Investors wary of post- Robert Mugabe, eye Zimbabwe budget

December 7, 2017
Report Focus News
INTERNATIONAL – When Patrick Chinamasa marks the start of his second stint as Zimbabwe’s finance minister by presenting the budget on Thursday, investors will be looking for policy changes in addition to fiscal plans in the post- Robert Mugabe era.
 
While the government needs to rein in runaway spending, end cash shortages and recapitalize banks, signals that it plans to revise or repeal contentious policies such as forcing companies to transfer 51 percent stakes to black Zimbabweans could be a game-changer. It could lure back investors and smooth engagement with lenders like the International Monetary Fund and the World Bank.

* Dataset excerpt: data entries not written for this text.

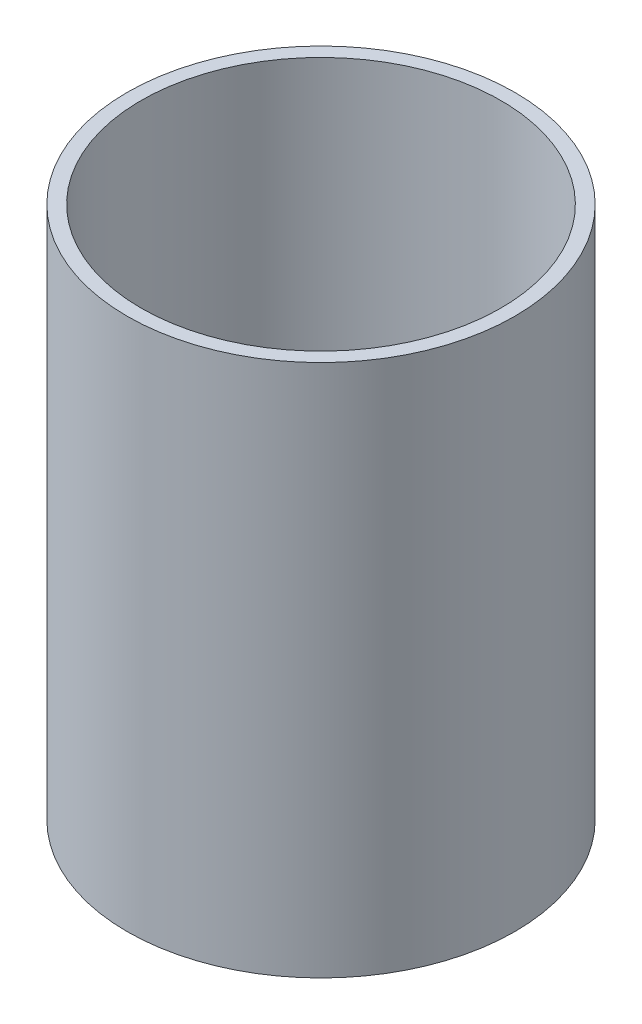
SolidWorks part; units mm, degrees
ref_plane "前基準面" through (0, 0, 0) normal (0, 0, 1) x (1, 0, 0)
ref_plane "上基準面" through (0, 0, 0) normal (0, 1, 0) x (1, 0, 0)
ref_plane "右基準面" through (0, 0, 0) normal (1, 0, 0) x (0, 0, -1)
sketch "草圖6" plane through (0, 0, 0) normal (0, 1, 0) x (1, 0, 0)
  circle A0 centre (0, 0) radius 67.5
  circle A1 centre (0, 0) radius 71.6
  circle A2 centre (0, 0) radius 72.75
  dimension "D1" = 135
  dimension "D2" = 4.1
  dimension "D3" = 145.5
extrude "填料-伸長12" add sketch "草圖6" along normal blind 200 contours A1 A0 | A2 A1 region at (-69.5748, 0, 0) region at (-72.5442, 0, 0)
extrude "填料-伸長13" add sketch "草圖6<12>" along normal blind 2 contours A0 region at (0, 0, 0)
sketch "草圖6<12>" plane through (0, 0, 0) normal (0, 1, 0) x (1, 0, 0) same geometry as "草圖6"
sketch "草圖7" plane through (0, 2, 0) normal (0, 1, 0) x (1, 0, 0)
  line L1 (-34, 34) -> (34, 34)
  line L2 (-34, 34) -> (-34, -34)
  line L3 (-34, -34) -> (34, -34)
  line L4 (34, 34) -> (34, -34)
  line L5 (-34, 34) -> (34, -34) construction
  line L6 (-34, -34) -> (34, 34) construction
  point P0 (0, 0)
  dimension "D1" = 68
sketch "草圖8" plane through (0, 0, 0) normal (0, -1, 0) x (1, 0, 0)
  line L1 (-48.8672, -37.5) -> (26.1328, -37.5)
  line L2 (-48.8672, -37.5) -> (-48.8672, 37.5)
  line L3 (-48.8672, 37.5) -> (26.1328, 37.5)
  line L4 (26.1328, -37.5) -> (26.1328, 37.5)
  line L5 (-48.8672, -37.5) -> (26.1328, 37.5) construction
  line L6 (-48.8672, 37.5) -> (26.1328, -37.5) construction
  point P0 (-11.3672, 0)
  point P5 (0, 0)
  point P6 (-13.2421, 0)
  point P7 (-10.9506, -4.4116)
  point P8 (-8.6591, -2.5368)
  point P9 (-7.6175, 0)
  point P10 (-11.3672, 0)
  dimension "D1" = 75
  dimension "D2" = 75

Chinamasa, a lawyer, was reappointed last week by President Emmerson Mnangagwa, less than two months after former leader Mugabe moved him to another portfolio. Mugabe resigned two weeks ago after an army-led coup ended his 37-year rule. During his tenure, agricultural output collapsed due to forced repossessions of commercially productive, mainly white-owned farmland, Zimbabwe abandoned its currency in 2009 due to hyperinflation and the economy has halved in size since 2000.
 
A half-hearted attempt at solving expropriation, taming inflation and curbing the country’s massive import bills would be a continuation of Mugabe’s “insular budgetary policies,” said Charles Laurie, head of country risk at Bath, England-based Verisk Maplecroft. There will be “intense scrutiny” of Chinamasa’s plans by investors who expect “business-friendly budgetary policy,” though the focus would mostly be on the empowerment law.
 
“Repealing or gutting the law will be an essential step in signaling to foreign businesses that Zimbabwe is serious about fostering a viable business environment,” Laurie said. “It’s nearly impossible to imagine a revival of Western investor appetite should this politically motivated law remain on the books.”
 
Leading Efforts
 
Chinamasa has led efforts to revive the struggling economy and tap fresh credit. While Zimbabwe has paid $110 million of arrears to the IMF, it’s still saddled with $1.7 billion arrears to the World Bank and African Development Bank and external debt exceeds 70 percent of gross domestic product.
 
In 2000, Mugabe backed violent seizures of about 4,500 mostly white-owned farms to redistribute to black subsistence farmers in a land-reform program that led to the deaths of farmers and farm workers in clashes with people moving onto the land. The move crippled commercial agricultural output, with shipments of tobacco, the biggest foreign-currency earner, only starting to return to 2000 levels last year.
 
Hyperinflation, estimated by the IMF to have peaked at about 500 billion percent at the end of 2008, forced the nation to abandon its currency in early 2009 in favor of a basket of foreign exchange including the the dollar, the rand, the euro and the pound. The country has now printed what it calls bond notes, which it says have the same value as dollars.
 
Economic growth may contract in 2018 if no immediate steps are taken to solve protracted liquidity shortages, said BMI Research, a unit of Fitch Group Inc. The government forecasts GDP will expand 3 percent in 2018 from 3.7 percent in 2017.
 
Reform Program
 
Zimbabwe holds the world’s biggest platinum reserves after South Africa and also has chrome, gold, iron ore, coal and diamonds. While mining is the largest source of foreign currency, fresh capital dried up under the law forcing foreign, white-owned companies to cede 51 percent of their businesses to black Zimbabweans or the government. Anglo American Platinum Ltd., Impala Platinum Holdings Ltd., and Sinosteel Corp. are among companies operating there.
 
A “strong and coherent reform program” may result in the economy being reintegrated into the global market, while a financial package may be “possible” if arrears are settled, said Gerry Rice, a spokesman for the IMF. The lender, which is holding talks with the government this month, is ready to help the nation on policies to restore stability and growth. It “will require concerted efforts to tackle the fiscal deficit, and to complement that with structural reforms,” he said.
 
Mnangagwa, 75, and Chinamasa “pushed back” against some of Mugabe’s initiatives and they may prioritize reviving agriculture and policy changes “in exchange for desperately needed finance”, said Francois Conradie, head of research at Paarl, South African-based NKC African Economics.
 
Investors can forgive past misdeeds provided the signals for future stability are strong, Verisk Maplecroft’s Laurie said.
 
“Should Mnangagwa take sound steps to begin restoring investor and diplomatic confidence, it is likely that Zimbabwe will benefit from an influx of foreign working capital,” he said.